Species identity and resource availability explain variation among above and below-ground functional traits in Himalayan temperate forests

Abstract

Trait variation across spatial and temporal scales allows plants to adapt to changing environments. Understanding the mechanisms driving trait variability, it is important to unravel how plant functional traits adapt to changing climates. Plant chemical traits (C, N, P, K, S, Ca, Mg, Mn, Zn, Fe, Cu, and Na) for leaf, stem, and root were studied for ten dominant evergreen tree species along increasing elevation (1500–3000 m asl) for three seasons (summer, monsoon, and winter) in temperate forests of western Himalaya, India. We also collected five soil samples from each plot to analyze chemical trait variation with respective soil nutrient concentrations.
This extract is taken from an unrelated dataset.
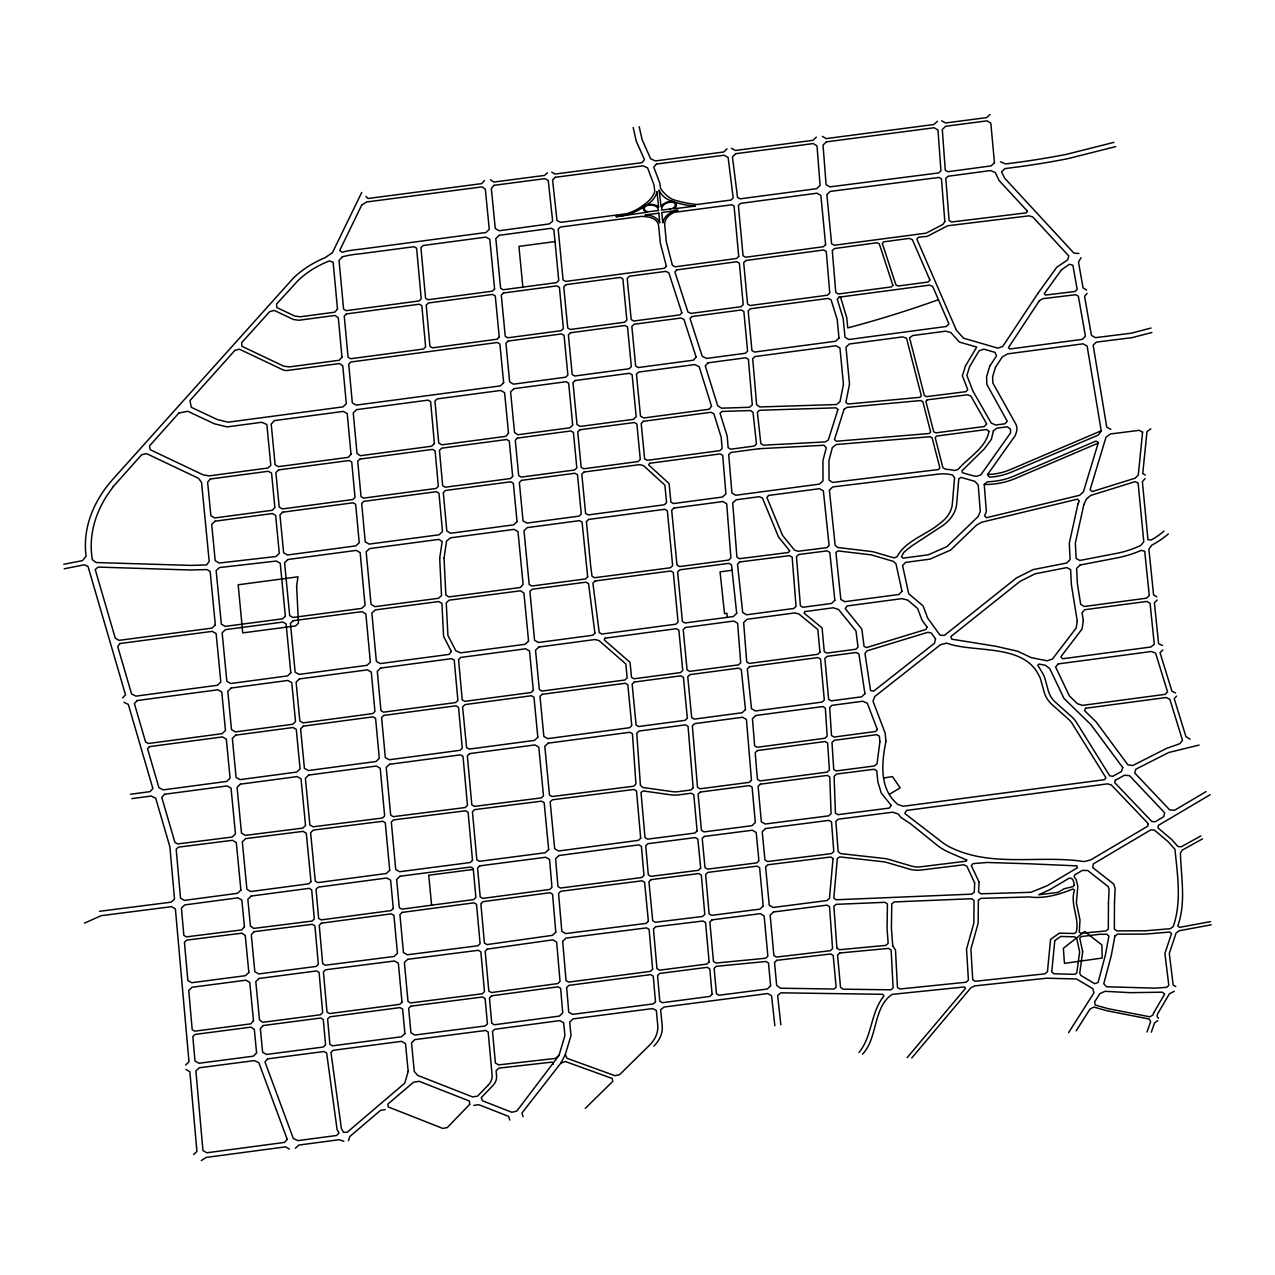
<?xml version="1.0" encoding="UTF-8"?>
<svg xmlns="http://www.w3.org/2000/svg" width="1275" height="1275" viewBox="0 0 1275 1275"><rect width="100%" height="100%" fill="white"/><g stroke="black" fill="none" stroke-linecap="round" stroke-linejoin="round"><path stroke-width="1.5" d="M559.024 1055.381L564.921 1035.635L563.693 1022.821L559.821 1020.606L494.748 1029.276L492.501 1031.395L495.385 1062.967L498.605 1064.88L555.199 1058.457L559.024 1055.381L516.837 1111.035L511.849 1112.294L482.46 1100.771L481.265 1097.632L492.74 1085.726A18.217 13.579 -10.2 0 0 496.581 1076.036L496.087 1070.729L498.892 1068.131L552.218 1062.075L553.302 1064.211M565.287 1054.664L571.009 1035.507L569.702 1022.056L573.049 1018.884L652.497 1008.573L656.322 1010.358L657.741 1025.164A36.417 27.142 -10.2 0 1 649.421 1045.325L619.523 1074.713L614.98 1075.686L567.072 1058.33L565.287 1054.664L560.888 1063.047L521.953 1113.043L523.101 1116.709M348.442 1140.711L349.796 1136.551L380.476 1110.398L385.146 1109.601M1147.054 1031.969L1150.592 1021.721L1149.126 1019.012L1107.178 1010.82L1093.854 1007.059L1090.045 1009.019L1076.196 1030.79M1151.357 1032.16L1154.576 1022.853L1157.764 1020.59M361.718 192.461L332.392 252.753L325.045 257.709A89.393 66.635 -10.2 0 0 293.537 277.918L112.885 479.241A145.015 108.104 -10.2 0 0 86.094 556.107L82.492 560.617L63.75 564.283M1081.072 257.693L1078.491 262.092L1083.049 287.831L1086.523 290.11M1068.609 1032.622L1093.918 992.89L1092.866 988.715L1076.53 978.977L1046.679 978.212L974.69 985.894L970.913 987.774L911.753 1058.011M1037.993 293.25L1002.708 346.513L997.783 348.123L963.581 338.194L956.393 330.225L916.852 239.126L918.526 237.198L927.212 236.353L947.644 225.771L1029.037 215.826L1032.766 216.957L1068.801 255.956L1067.733 259.797L1056.736 267.288L1038.121 293.091M858.983 1052.513C872.371 1036.32 870.506 1012.477 883.91 995.998L882.762 994.309L780.938 992.811L777.638 995.456L780.842 1024.797M862.506 1054.186C878.14 1037.802 872.738 1007.537 892.117 994.372L964.49 986.946L965.542 988.316L907.194 1057.597M1087.097 293.33L1084.563 296.406L1091.448 335.421L1095.528 337.652L1130.957 333.237L1151.054 328.042M1145.046 478.555L1142.384 481.695L1147.962 539.644L1151.102 540.042A65.79 49.04 -10.2 0 0 1163.995 531.069M484.484 180.524L481.743 183.632L368.045 198.486L365.877 196.35M1176.57 696.118L1174.227 698.684L1185.909 736.567L1190.069 739.181M122.655 697.903L125.508 694.811L88.023 566.482L84.389 564.793L64.228 568.793M938.416 469.551L939.882 468.005L932.137 437.883L930.001 436.719L836.113 444.545L832.368 447.541L828.957 460.546L829.037 480.133L832.655 482.428L937.954 469.598M585.273 1108.389L612.829 1081.296L612.159 1078.459L565.399 1061.533L560.888 1063.047M727.037 148.808L723.77 151.98L655.414 160.921L650.696 158.881L642.09 139.581L639.205 126.735M547.405 172.763L544.648 175.408L493.76 182.054L490.493 179.743M1157.158 600.063L1154.385 602.708L1158.592 643.684L1162.433 645.453M193.577 1154.576L196.94 1151.373L189.863 1071.749L186.023 1069.502M990.038 114.431L986.675 117.603L945.476 122.99L941.667 120.758M185.624 1064.992L188.987 1061.804L175.392 908.9L171.551 906.668L101.076 915.689L84.501 923.132M816.335 137.142L812.94 140.33L735.308 150.466L731.372 148.251M937.348 121.316L933.938 124.504L826.168 138.593L822.359 136.345M295.402 1148.281L298.812 1145.078L339.054 1139.723L343.836 1141.253M1162.943 649.963L1160.011 652.609L1171.916 691.193L1175.582 692.962M984.252 484.468L987.503 481.759A54.634 40.72 -10.2 0 0 1014.103 476.021L1095.942 441.07L1098.397 442.393L1083.415 491.847L1079.638 495.274L986.404 517.73L984.587 515.753L986.34 511.594L984.252 484.468A58.268 43.446 -10.2 0 0 1015.617 478.38L1098.173 443.126M1150.815 428.862L1146.974 431.619L1142.751 473.615L1145.396 475.001M201.307 1160.569L206.152 1157.429L285.584 1146.847L289.393 1149.078M889.567 794.197L900.182 787.87L892.452 776.587L883.559 777.989M1206.102 791.6L1174.658 810.231L1169.653 809.88L1134.702 772.921L1135.85 769.207L1168.729 752.505L1199.09 745.062M1210.182 794.707L1158.385 825.371L1157.907 827.842L1171.677 839.508L1177.877 846.488L1181.208 846.807L1200.875 835.922M1202.5 838.902L1182.323 850.058L1180.395 852.991C1181.064 877.184 1186.228 902.636 1177.749 926.001L1179.582 927.355L1210.581 921.618M1174.275 991.297L1169.382 993.847L1157.812 1013.529L1156.903 1016.127L1158.513 1018.39M1101.202 430.791L1010.071 469.71A44.912 33.485 -10.2 0 1 987.663 474.443M1151.915 332.504L1131.849 337.684L1096.309 342.114L1093.153 345.254L1106.748 427.125L1110.796 429.356M1113.888 142.37L1066.665 154.291A617.435 460.275 -10.2 0 1 1016.876 162.483L1005.72 163.965L1000.445 161.782M1115.768 146.577L1067.812 158.674A623.491 464.801 -10.2 0 1 1017.323 166.993L1004.923 168.619L1001.56 171.806L1004.636 178.149L1073.869 253.088L1078.889 253.502M1211.25 924.805L1179.072 930.766L1176.092 933.045L1169.303 953.413L1173.159 985.033L1175.789 986.579M473.774 1105.409L478.715 1104.676L508.645 1116.406L509.793 1120.087M555.008 241.581L518.925 246.394L522.862 287.114M759.183 448.688L730.973 452.45L728.71 454.585L731.914 493.027L735.755 495.258L819.411 484.118L823.012 480.898L822.933 460.594L826.28 447.844L823.985 445.262L758.944 448.72M732.073 570.26L720.056 571.869L724.519 613.594L726.909 613.275L727.308 617.339M130.576 794.229L150.036 791.632L152.873 788.54L128.313 704.438L123.946 702.302M131.835 798.628L151.311 796.03L155.678 798.166L169.878 846.759L174.516 898.971L171.153 902.158L99.514 911.306M473.328 869.438L428.719 875.24L431.603 905.186M551.74 172.189L554.992 174.053L642.01 162.674L644.497 159.694L636.273 141.238L633.197 127.564M1156.823 596.812L1153.588 594.963L1148.887 549.206L1151.707 545.254A86.031 64.133 -10.2 0 0 1168.33 533.906M836.91 948.154L839.444 949.747L885.902 945.381L888.165 943.341L887.065 928.678L887.432 904.039L885.073 902.317L836.145 904.342L833.866 906.254L836.878 947.803M892.548 945.683L895.48 949.939L897.457 987.44L899.975 989.002L966.099 982.228L968.41 980.172L966.53 949.158L973.813 923.212L974.036 900.437L971.646 898.716L894.221 901.935L891.767 903.863L891.4 928.232L892.771 946.305M840.496 296.995L846.775 317.746L847.747 327.914A845.022 629.946 -10.2 0 0 938.432 299.689M774.849 1025.753L771.582 995.775L767.678 993.544L664.036 1007.043L660.641 1009.768L662.203 1025.897A36.417 27.142 -10.2 0 1 653.884 1046.058M978.371 900.278L978.148 923.259L970.897 949.078L972.745 979.726L975.263 981.272L1044.862 973.845L1047.444 971.757L1050.584 939.372L1059.35 933.125L1074.379 933.491L1076.259 932.168C1079.702 917.665 1069.773 904.581 1074.506 889.982L1072.865 889.026C1059.063 894.54 1044.576 898.971 1029.212 896.931L980.794 898.381L978.371 900.278M296.613 585.942L298.446 623.284L295.545 625.945L242.744 632.894L238.186 584.779L297.968 576.81L296.613 585.942M439.7 558.275L441.517 595.616L438.632 598.278L374.93 606.661L371.073 604.43L366.164 551.82L369.527 548.633L438.951 539.373L442.154 541.636L439.7 558.275M444.035 558.131L445.852 595.043L448.975 596.907L520.343 587.52L523.101 584.412L518.001 531.579L514.128 529.364L450.569 537.827L446.553 541.062L444.035 558.131M1108.453 903.322L1108.31 929.124L1105.951 930.957L1080.977 933.316L1079.256 932.168L1080.005 920.008L1076.371 902.796L1077.837 886.221L1075.988 879.081L1074.108 876.929L1074.634 874.953L1082.332 870.411L1087.703 870.506L1108.198 886.635L1109.075 889.297L1108.453 903.322M1114.477 902.987L1114.35 929.077L1116.788 930.878L1145.667 930.782L1170.227 928.694L1173.191 926.67C1181.829 901.967 1177.478 874.73 1174.96 849.357L1168.139 841.707L1154.305 829.977L1150.783 829.866L1093.328 863.892L1092.723 867.526L1113.712 884.037L1115.131 888.356L1114.477 902.987M974.674 882.922L974.259 892.229L971.773 894.142L836.065 899.783L833.818 898.062L837.356 858.489L839.858 856.896L883.432 861.773A18.217 13.579 -10.2 0 1 886.762 862.458L909.362 869.104A24.273 18.105 -10.2 0 0 921.442 869.996L963.661 864.785L966.848 866.155L974.674 882.922M979.041 882.077L978.594 892.054L980.921 893.807L1030.885 892.309L1047.142 885.727L1077.423 867.797L1076.849 865.868L1029.419 863.797L987.153 862.474L972.968 863.637L971.343 865.597L979.041 882.077M954.561 477.727L952.361 503.8A35.206 26.249 -10.2 0 1 940.058 523.26C926.558 534.91 905.712 540.313 897.026 556.761L893.966 557.892L872.817 551.677L837.691 547.485L835.173 545.397L829.372 490.126L832.782 486.907L938.32 474.125A30.345 22.631 -10.2 0 1 952.568 475.033L954.561 477.727M958.8 478.667L956.696 503.673A39.573 29.5 -10.2 0 1 942.767 525.603L914.318 544.25A80.468 59.989 -10.2 0 0 903.624 552.633L901.537 556.729L903.051 558.163L928.375 554.784L946.847 546.672L978.1 516.582L980.268 511.466L978.212 484.93L974.738 481.297L961.127 477.44L958.8 478.667M833.037 858.521L829.467 898.429L826.901 900.564L773.096 907.465L769.239 905.218L765.606 866.888L767.837 864.785L830.79 856.991L833.037 858.521M1054.776 940.663L1051.763 971.917L1053.963 973.797L1074.729 974.323L1076.769 973L1079.638 952.027L1076.658 938.193L1074.586 936.822L1060.657 936.456L1054.776 940.663M1142.591 432.161L1138.288 475.001L1135.18 478.189L1092.149 491.576L1090.093 489.743L1106.031 437.15L1110.461 433.962L1139.212 430.328L1142.591 432.161M1082.682 951.708L1079.734 973.255L1080.833 975.423L1094.651 983.678L1098.078 982.547L1105.409 954.943L1108.899 936.057L1106.828 934.24L1099.433 934.304L1081.264 936.567L1079.75 938.113L1082.682 951.708M879.893 741.779L877.025 763.789L874.379 765.94L836.257 770.945L833.738 769.447L831.969 742.433L834.248 740.313L876.77 734.639L879.352 736.121L879.893 741.779M885.95 741.365C881.615 762.785 878.969 788.906 897.887 804.509L903.29 806.278L1104.533 779.678L1105.951 777.782L1072.052 723.323A35.206 26.249 -10.2 0 0 1068.179 718.925L1052.433 704.932A43.701 32.576 -10.2 0 1 1044.145 691.99L1040.719 679.687A35.206 26.249 -10.2 0 0 1038.583 674.778C1022.518 643.206 974.323 653.214 946.656 643.142L940.567 644.672L874.682 696.596L873.024 701.234L885.137 733.093L885.95 741.365M1077.247 621.068L1076.212 627.953L1052.481 659L1047.205 660.817L1031.124 657.613L1017.689 651.222L995.345 646.186L951.708 639.173L950.879 636.544L1020.016 581.4L1035.141 573.798L1066.904 567.582L1070.618 569.606L1071.367 584.556L1077.247 621.068M1083.32 620.59L1082.045 629.021L1060.848 656.768L1062.569 658.761L1150.895 646.999L1154.273 644.258L1150.066 603.298L1146.815 601.433L1084.642 609.721L1082.061 612.797L1083.32 620.59M1114.892 936.025L1111.354 955.262L1103.752 983.806L1106.588 986.77L1154.831 988.141L1166.609 987.344L1168.808 985.384L1164.904 953.477L1171.518 933.635L1169.717 932.025L1145.476 934.081L1117.633 934.177L1114.892 936.025M843.46 384.397L839.986 401.705L836.416 404.542L759.836 406.964L756.649 404.797L752.696 358.689L754.928 356.57L836.081 345.748L839.954 347.979L843.46 384.397M849.517 384.11L845.851 402.406L847.891 404.016L919.865 397.338L921.347 395.856L906.525 338.178L902.461 336.903L849.309 343.995L845.962 347.183L849.517 384.11M1078.013 503.784L1069.295 543.23L1070.123 559.597L1066.681 563.024L1033.148 569.59L1016.382 578.005L944.361 635.428L940.073 635.205L927.674 618.072L923.116 605.944L908.692 593.704L902.573 565.526L905.601 562.387L929.953 559.151L950.608 550.083L976.459 525.188L981.75 522.208L1077.614 499.131L1079.303 501.075L1078.013 503.784M1083.862 504.517L1075.351 543.054L1076.116 558.434L1079.829 560.458L1113.25 554.003A79.385 59.176 -10.2 0 0 1140.711 545.461L1143.787 541.811L1138.113 483.018L1135.021 481.663L1090.587 495.497L1086.443 499.051L1083.862 504.517M935.499 638.807L934.527 643.19L873.63 691.162L870.554 690.572L864.96 653.342L867.048 650.84L927.945 632.257L931.356 633.085L935.499 638.807M1115.322 780.268L1114.78 782.707L1151.851 821.53L1155.198 821.753L1163.692 816.717L1164.681 812.828L1129.538 775.678L1124.47 775.248L1115.322 780.268M988.938 431.396C985.83 448.29 968.506 457.167 958.051 469.471L954.274 470.491A36.417 27.142 -10.2 0 0 945.668 469.28L942.942 467.766L935.197 437.596L936.663 436.05L986.468 429.516L988.938 431.396M993.4 430.807L991.36 439.365L984.332 448.848L961.908 470.858L962.466 472.77L970.626 475.081A48.562 36.194 -10.2 0 0 976.267 476.356L980.778 474.922L1010.565 432.894L1010.422 429.101L1007.314 426.774L996.954 428.129L993.4 430.807M1148.265 823.65L1147.612 826.248L1090.667 859.956L1084.101 861.581C1041.069 854.887 994.006 867.319 953.238 848.688A60.69 45.247 -10.2 0 1 941.157 841.468L905.68 814.167L904.82 813.099L906.637 810.406L1107.545 783.854L1111.29 784.938L1148.265 823.65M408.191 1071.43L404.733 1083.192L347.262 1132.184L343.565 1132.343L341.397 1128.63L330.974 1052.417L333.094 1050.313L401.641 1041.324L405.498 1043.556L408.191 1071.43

Our results suggested that temperature significantly (P < 0.05) affected leaf traits, whereas stem and root traits were maximally driven by light and water availability (P < 0.05). Maximum trait variance was observed at species level (∼48%) followed by individual level (∼45%). Coniferous species displayed strong trait coordination among organs, whereas broad-leaved species showed strong correlation with environmental resources. Trait correlation with respective soil nutrient concentration was found strongest for the root, followed by stem, and ultimately got lost for leaf traits (except Ca, Mg, and Mn). Weaker plant–soil interaction for leaf traits showed external factors such as lopping alter plant-soil relationship. We provide evidence of varying degrees of trait conservatism within broad-leaved and coniferous trees that leads to increased trait variability. We also emphasize the importance of considering major abiotic and biotic stresses exerted on different plant organs when investigating trait variation along environmental gradients.